3.6 Confirmatory factor analysis
In the light of the modification indices generated by AMOS program [43], correlations between error variances were permitted. The items contained in each factor in different models are shown in Table 3. Based on our results, we compared the original model with a proposed model by Hojat.

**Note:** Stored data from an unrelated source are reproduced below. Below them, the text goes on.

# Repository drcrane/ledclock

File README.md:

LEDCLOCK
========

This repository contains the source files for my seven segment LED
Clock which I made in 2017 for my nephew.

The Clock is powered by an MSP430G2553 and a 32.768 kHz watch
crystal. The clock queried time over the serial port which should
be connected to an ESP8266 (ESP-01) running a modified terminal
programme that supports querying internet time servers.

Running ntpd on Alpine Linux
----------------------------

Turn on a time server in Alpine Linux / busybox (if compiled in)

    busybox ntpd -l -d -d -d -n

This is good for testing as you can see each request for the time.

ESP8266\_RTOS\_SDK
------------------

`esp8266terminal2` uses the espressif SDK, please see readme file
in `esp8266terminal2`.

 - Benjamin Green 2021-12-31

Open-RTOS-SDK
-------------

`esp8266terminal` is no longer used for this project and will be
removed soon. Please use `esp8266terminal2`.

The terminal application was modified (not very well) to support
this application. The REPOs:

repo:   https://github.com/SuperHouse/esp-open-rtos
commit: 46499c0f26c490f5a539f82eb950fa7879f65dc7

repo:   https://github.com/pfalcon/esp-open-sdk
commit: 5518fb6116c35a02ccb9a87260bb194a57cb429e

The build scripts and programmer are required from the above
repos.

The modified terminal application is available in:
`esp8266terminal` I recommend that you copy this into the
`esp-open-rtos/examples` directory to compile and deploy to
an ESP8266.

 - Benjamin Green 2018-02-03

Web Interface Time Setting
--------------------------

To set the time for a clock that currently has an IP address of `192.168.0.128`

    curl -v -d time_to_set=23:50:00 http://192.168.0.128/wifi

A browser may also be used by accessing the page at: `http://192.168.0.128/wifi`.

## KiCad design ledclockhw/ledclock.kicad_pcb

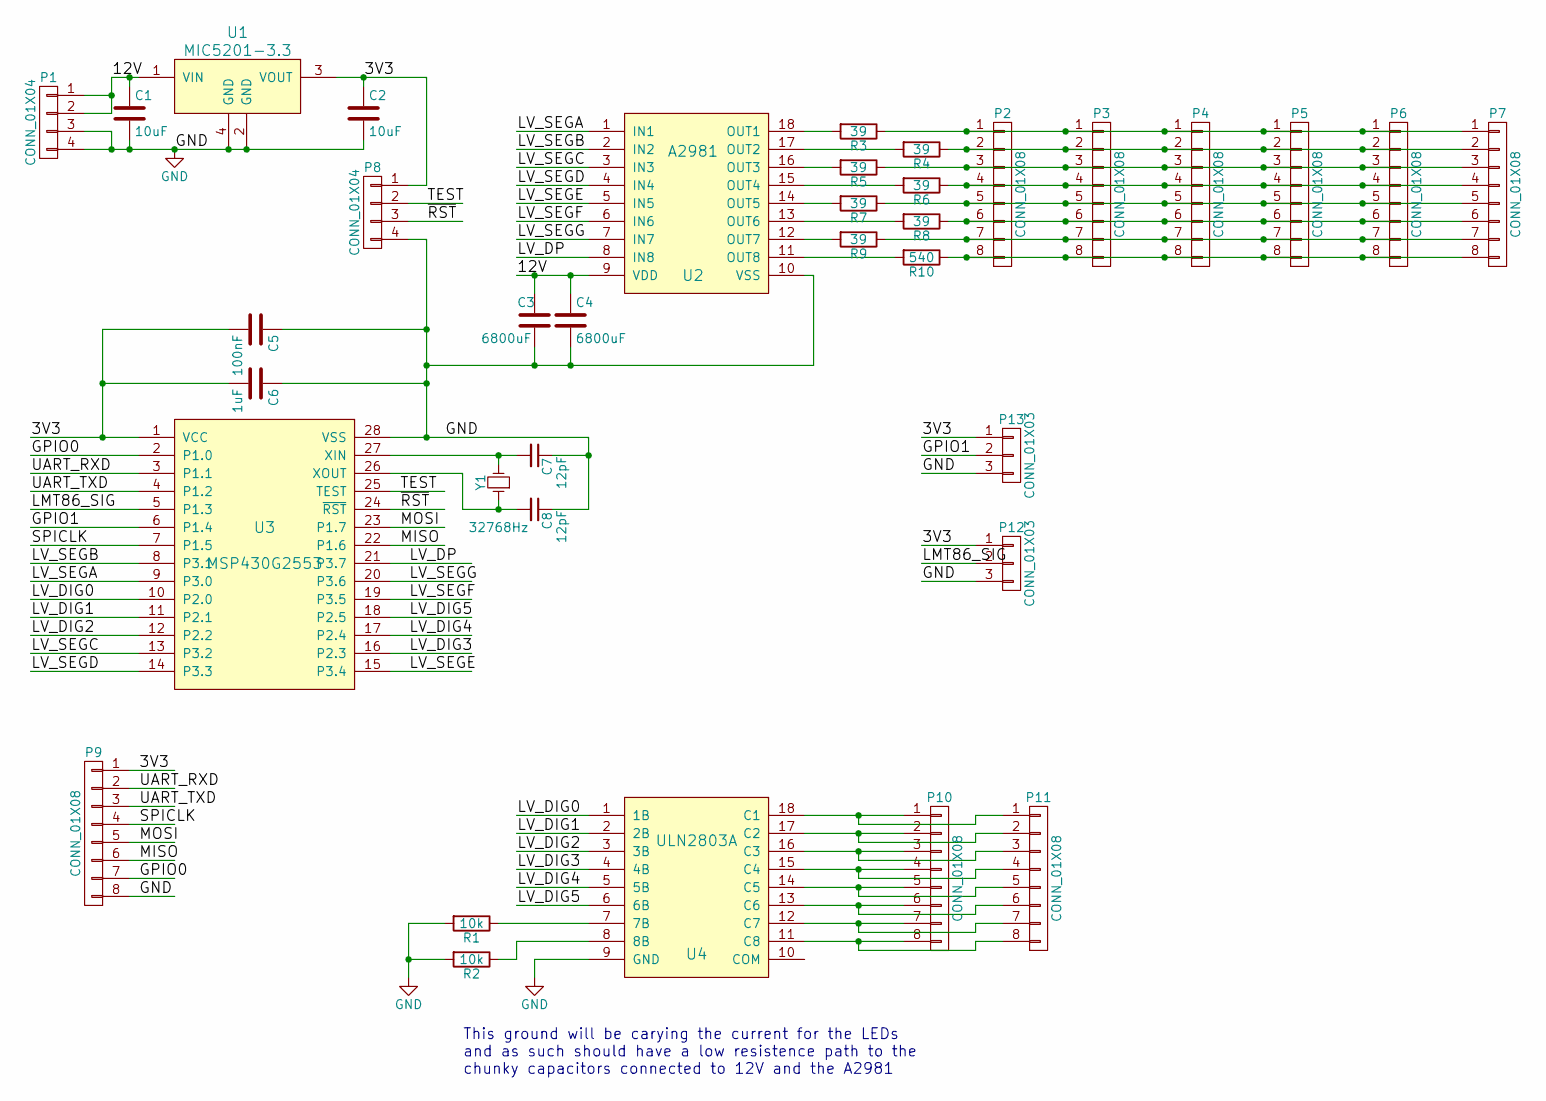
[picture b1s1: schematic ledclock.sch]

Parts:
C1, C2: 10uF; C_1210
C3, C4: 6800uF; CP_Radial_D18.0mm_P7.50mm
C5: 100nF; C_0603
C6: 1uF; C_0805
C7, C8: 12pF; C_0603
P1, P8: CONN_01X04; Molex_KK-6410-04_04x2.54mm_Straight
P2, P3, P4, P5, P6, P7, P9, P10, P11: CONN_01X08; Molex_KK-6410-08_08x2.54mm_Straight
P12, P13: CONN_01X03; Molex_KK-6410-03_03x2.54mm_Straight
R1, R2: 10k; R_0603
R3, R4, R5, R6, R7, R8, R9: 39; R_1206
R10: 540; R_1206
U1: MIC5201-3.3; SOT-223
U2: A2981; DIP-18_W7.62mm
U3: MSP430G2553; TSSOP-28_4.4x9.7mm_Pitch0.65mm
U4: ULN2803A; DIP-18_W7.62mm
Y1: 32768Hz; Crystal_C38-LF_d3.0mm_l8.0mm_Horizontal

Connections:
/3V3: C2.1, C5.2, C6.2, P8.1, P9.1, P12.1, P13.1, U1.3 (VOUT), U3.1 (VCC)
/12V: C1.1, C3.1, C4.1, P1.1, P1.2, U1.1 (VIN), U2.9 (VDD)
/GPIO0: P9.7, U3.2 (P1.0)
/GPIO1: P13.2, U3.6 (P1.4)
/LMT86_SIG: P12.2, U3.5 (P1.3)
/LV_DIG0: U3.10 (P2.0), U4.1 (1B)
/LV_DIG1: U3.11 (P2.1), U4.2 (2B)
/LV_DIG2: U3.12 (P2.2), U4.3 (3B)
/LV_DIG3: U3.16 (P2.3), U4.4 (4B)
/LV_DIG4: U3.17 (P2.4), U4.5 (5B)
/LV_DIG5: U3.18 (P2.5), U4.6 (6B)
/LV_DP: U2.8 (IN8), U3.21 (P3.7)
/LV_SEGA: U2.1 (IN1), U3.9 (P3.0)
/LV_SEGB: U2.2 (IN2), U3.8 (P3.1)
/LV_SEGC: U2.3 (IN3), U3.13 (P3.2)
/LV_SEGD: U2.4 (IN4), U3.14 (P3.3)
/LV_SEGE: U2.5 (IN5), U3.15 (P3.4)
/LV_SEGF: U2.6 (IN6), U3.19 (P3.5)
/LV_SEGG: U2.7 (IN7), U3.20 (P3.6)
/MISO: P9.6, U3.22 (P1.6)
/MOSI: P9.5, U3.23 (P1.7)
/SPICLK: P9.4, U3.7 (P1.5)
/TEST: P8.2, U3.25 (TEST)
/UART_RXD: P9.2, U3.3 (P1.1)
/UART_TXD: P9.3, U3.4 (P1.2)
/~RST: P8.3, U3.24 (~RST)
GND: C1.2, C2.2, C3.2, C4.2, C5.1, C6.1, C7.1, C8.1, P1.3, P1.4, P8.4, P9.8, P12.3, P13.3, R1.2, R2.2, U1.2 (GND), U1.4 (GND), U2.10 (VSS), U3.28 (VSS), U4.9 (GND)
unnamed: C7.2, U3.27 (XIN), Y1.2
unnamed: C8.2, U3.26 (XOUT), Y1.1
unnamed: P2.1, P3.1, P4.1, P5.1, P6.1, P7.1, R3.1
unnamed: P2.2, P3.2, P4.2, P5.2, P6.2, P7.2, R4.1
unnamed: P2.3, P3.3, P4.3, P5.3, P6.3, P7.3, R5.1
unnamed: P2.4, P3.4, P4.4, P5.4, P6.4, P7.4, R6.1
unnamed: P2.5, P3.5, P4.5, P5.5, P6.5, P7.5, R7.1
unnamed: P2.6, P3.6, P4.6, P5.6, P6.6, P7.6, R8.1
unnamed: P2.7, P3.7, P4.7, P5.7, P6.7, P7.7, R9.1
unnamed: P2.8, P3.8, P4.8, P5.8, P6.8, P7.8, R10.1
unnamed: P10.1, P11.1, U4.18 (C1)
unnamed: P10.2, P11.2, U4.17 (C2)
unnamed: P10.3, P11.3, U4.16 (C3)
unnamed: P10.4, P11.4, U4.15 (C4)
unnamed: P10.5, P11.5, U4.14 (C5)
unnamed: P10.6, P11.6, U4.13 (C6)
unnamed: P10.7, P11.7, U4.12 (C7)
unnamed: P10.8, P11.8, U4.11 (C8)
unnamed: R1.1, U4.7 (7B)
unnamed: R2.1, U4.8 (8B)
unnamed: R3.2, U2.18 (OUT1)
unnamed: R4.2, U2.17 (OUT2)
unnamed: R5.2, U2.16 (OUT3)
unnamed: R6.2, U2.15 (OUT4)
unnamed: R7.2, U2.14 (OUT5)
unnamed: R8.2, U2.13 (OUT6)
unnamed: R9.2, U2.12 (OUT7)
unnamed: R10.2, U2.11 (OUT8)

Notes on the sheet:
This ground will be carying the current for the LEDs and as such should have a low resistence path to the chunky capacitors connected to 12V and the A2981

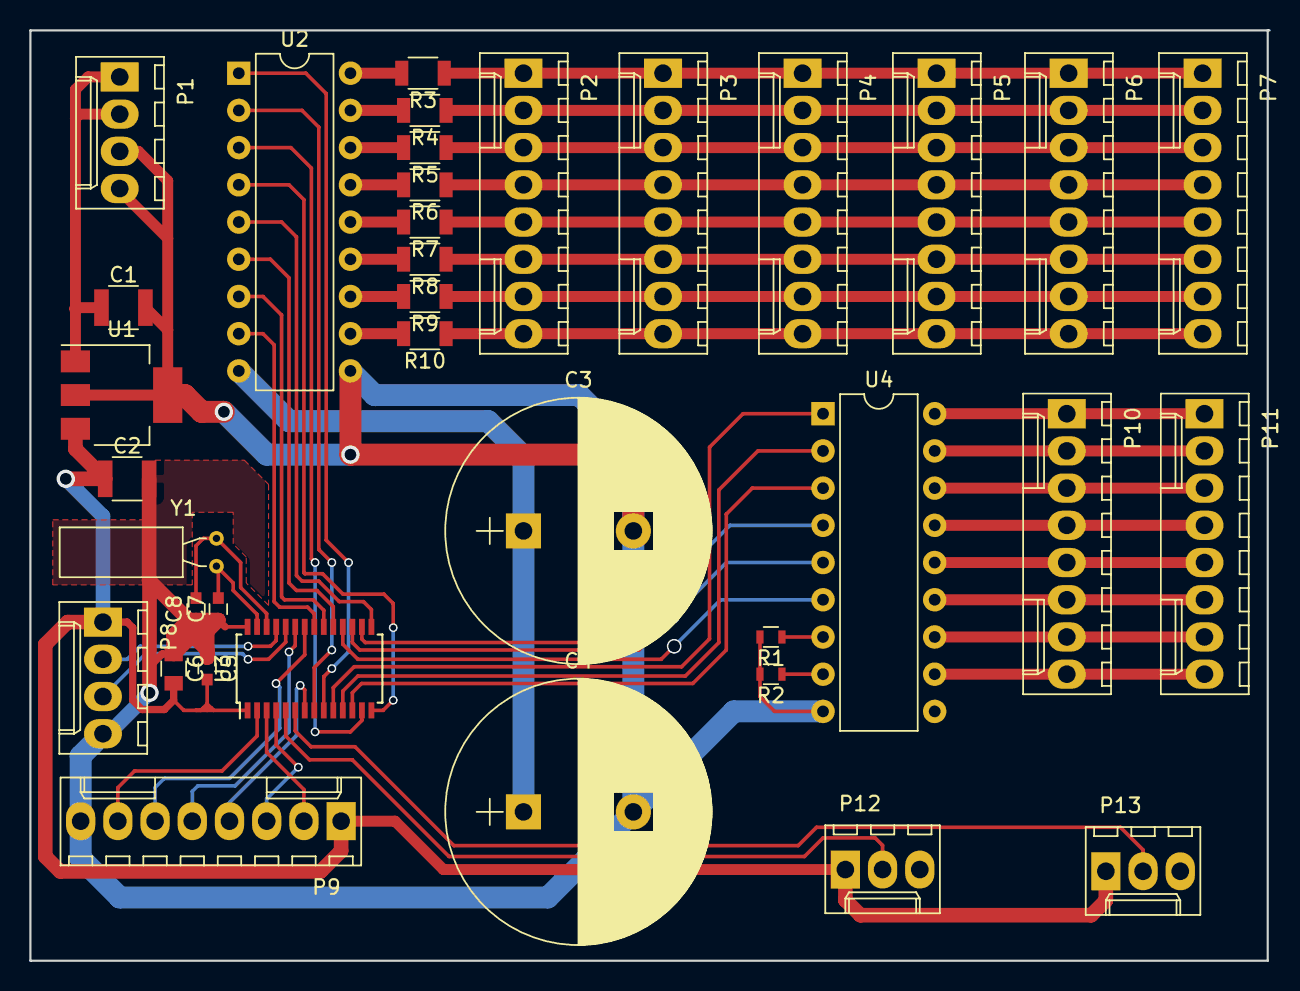
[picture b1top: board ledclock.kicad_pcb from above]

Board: 2 copper layers, 84.6 x 63.5 mm, 36 parts (0 on the bottom side), 55 nets.

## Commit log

2018-09-15 Setting Time via Serial Port
2018-09-16 Created some simple routines to determine correct time for DST
2018-09-16 Communication with ESP8266
2019-01-01 How to start busybox ntpd
2019-01-01 Cleanup and Simulator
    Added Simulator which will pretend to be the ESP8266
    listening for the MSP430 time requests.
2019-01-04 Drain the buffer of lines before calling select again
2019-01-05 Added ESP8266 Terminal
2019-05-11 Timezone logic was incorrect
2021-12-29 testing for argparser
2021-12-29 better handling of multiple spaces
2021-12-31 Migration to ESP8266_RTOS_SDK
2021-12-31 TCP Server WIP
2022-01-01 netconn style kind-of working
2022-01-01 simple non-blocking server example
2023-11-07 Code to make /wifi work to follow
2025-10-26 Begin dual AP/STA implementation

The model fit indices for original and proposed modes are listed in Table 4. After SEM was performed, the proposed model showed acceptable model fit indices and reached a satisfactory model fit (c2=411.93, c2/df=2.48, CFI=0.93, IFI=0.93, GFI=0.90, TLI=0.92, RMSEA=0.063). However, the results for original model was c2=492.41, c2/df=2.95, CFI=0.91, IFI=0.91, GFI=0.88, TLI=0.89, RMSEA=0.072, model fit is less good than the proposed model. Standardized path coefficients with the original model and the proposed model were shown in Figure 1. The path coefficient ranged from 0.47 to 0.89 in the proposed model, and all the path coefficients were statistically significant. Both the c2 difference test and the all model fit indices suggest that the proposed model is a better fit than the original model.